[Dataset entries]
======
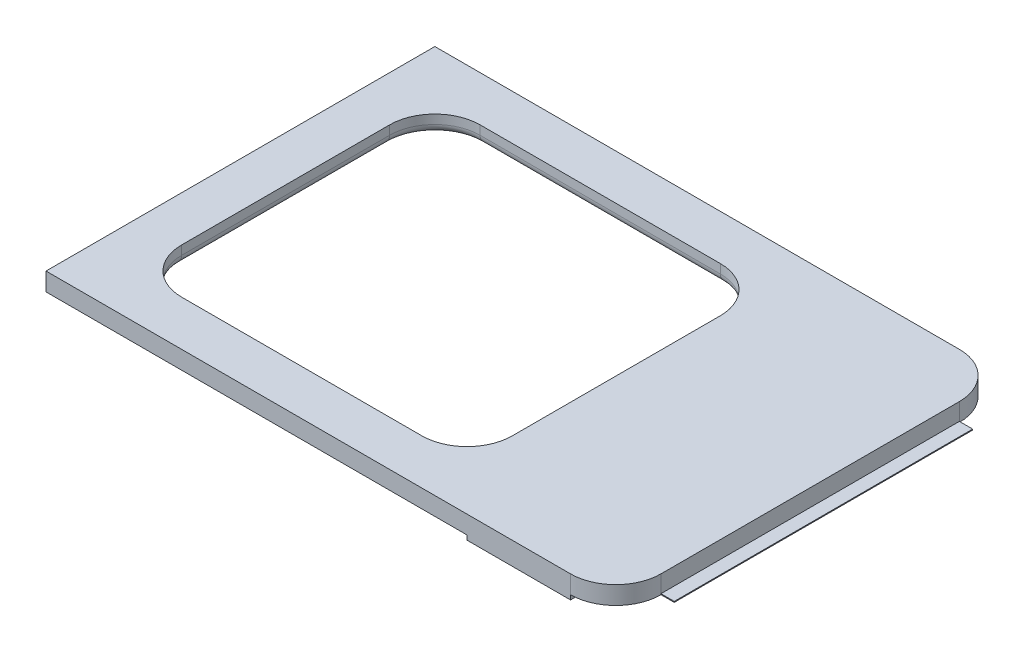
from build123d import *

# Parameters (mm, degrees)
BOSS_EXTRUDE1_DEPTH = 2
SKETCH3_W           = 1.47
SKETCH3_H           = 33
BOSS_EXTRUDE3_DEPTH = 0.1
SKETCH4_W           = 11.437084048
SKETCH4_H           = 43
BOSS_EXTRUDE4_DEPTH = 0.5
SKETCH5_R           = 3.25
BOSS_EXTRUDE5_DEPTH = 1
BOSS_EXTRUDE6_DEPTH = 0.7
CUT_EXTRUDE2_DEPTH  = 10
FILLET4_R           = 1
SKETCH7_R           = 1.432474787
BOSS_EXTRUDE7_DEPTH = 0.7


with BuildPart() as part:
    # Sketch1 → Boss-Extrude1 (new body)
    with BuildSketch(Plane(origin=(0, 0, 0), x_dir=(1, 0, 0), z_dir=(0, 1, 0))):
        with BuildLine():
            Line((-26.5, 21.5), (-31.5, 21.5))
            Line((-31.5, 21.5), (-31.5, 16.5))
            Line((-31.5, 16.5), (-31.5, -16.5))
            Line((-31.5, -16.5), (-31.5, -21.5))
            Line((-31.5, -21.5), (-26.5, -21.5))
            Line((-26.5, -21.5), (26.5, -21.5))
            ThreePointArc((26.5, -21.5), (30.035533906, -20.035533906), (31.5, -16.5))
            Line((31.5, -16.5), (31.5, 16.5))
            ThreePointArc((31.5, 16.5), (30.035533906, 20.035533906), (26.5, 21.5))
            Line((26.5, 21.5), (-26.5, 21.5))
        make_face()
    extrude(amount=BOSS_EXTRUDE1_DEPTH)

    # Sketch3 → Boss-Extrude3 (add)
    with BuildSketch(Plane(origin=(0, 0, 0), x_dir=(1, 0, 0), z_dir=(0, 1, 0))):
        with Locations((32.235, 0)):
            Rectangle(SKETCH3_W, SKETCH3_H)
    extrude(amount=BOSS_EXTRUDE3_DEPTH)

    # Sketch4 → Boss-Extrude4 (add)
    with BuildSketch(Plane.XZ):
        with Locations((20.781457976, 0)):
            Rectangle(SKETCH4_W, SKETCH4_H)
    extrude(amount=BOSS_EXTRUDE4_DEPTH)

    # Sketch5 → Boss-Extrude5 (add)
    with BuildSketch(Plane.XZ.offset(0.5)):
        with Locations((20.781457976, -10.75)):
            Circle(SKETCH5_R)
        with Locations((20.781457976, 0)):
            Circle(SKETCH5_R)
        with Locations((20.781457976, 10.75)):
            Circle(SKETCH5_R)
    extrude(amount=BOSS_EXTRUDE5_DEPTH)

    # Sketch6 → Boss-Extrude6 (add)
    with BuildSketch(Plane.XZ.offset(1.5)):
        Polygon((22.728056174, 9.551943968), (20.845705836, 13.034831506), (18.770611919, 9.663224526), align=None)
        Polygon((20.781457976, -2.122654215), (22.61973045, 1.061327108), (18.943185502, 1.061327108), align=None)
    extrude(amount=BOSS_EXTRUDE6_DEPTH)

    # Sketch9 → Cut-Extrude2 (cut)
    with BuildSketch(Plane(origin=(0, 0, 0), x_dir=(-1, 0, 0), z_dir=(0, -1, 0))):
        with BuildLine():
            Line((-5.062915952, 16.5), (21.5, 16.5))
            ThreePointArc((21.5, 16.5), (25.035533906, 15.035533906), (26.5, 11.5))
            Line((26.5, 11.5), (26.5, -11.5))
            ThreePointArc((26.5, -11.5), (25.035533906, -15.035533906), (21.5, -16.5))
            Line((21.5, -16.5), (-5.062915952, -16.5))
            ThreePointArc((-5.062915952, -16.5), (-8.598449858, -15.035533906), (-10.062915952, -11.5))
            Line((-10.062915952, -11.5), (-10.062915952, 11.5))
            ThreePointArc((-10.062915952, 11.5), (-8.598449858, 15.035533906), (-5.062915952, 16.5))
        make_face()
    extrude(amount=-CUT_EXTRUDE2_DEPTH, mode=Mode.SUBTRACT)

    # Fillet4
    fillet4_edges = [part.edges().sort_by_distance(p)[0] for p in [
        (8.598449858, 0, 15.035533906),
        (-8.218542024, 0, 16.5),
        (-25.035533906, 0, 15.035533906),
        (-26.5, 0, 0),
        (-25.035533906, 0, -15.035533906),
        (-8.218542024, 0, -16.5),
        (8.598449858, 0, -15.035533906),
        (10.062915952, 0, 0),
    ]]
    fillet(fillet4_edges, radius=FILLET4_R)

    # Sketch7 → Boss-Extrude7 (add)
    with BuildSketch(Plane(origin=(0, -1.5, 0), x_dir=(-1, 0, 0), z_dir=(0, -1, 0))):
        with Locations((-20.781457976, 10.75)):
            Circle(SKETCH7_R)
    extrude(amount=BOSS_EXTRUDE7_DEPTH)


solid = part.part
======
- _Instructions to follow_
Tell how many lines of the data above hold the string "Polygon". Give only the number.

- _Solution to the exercise_
2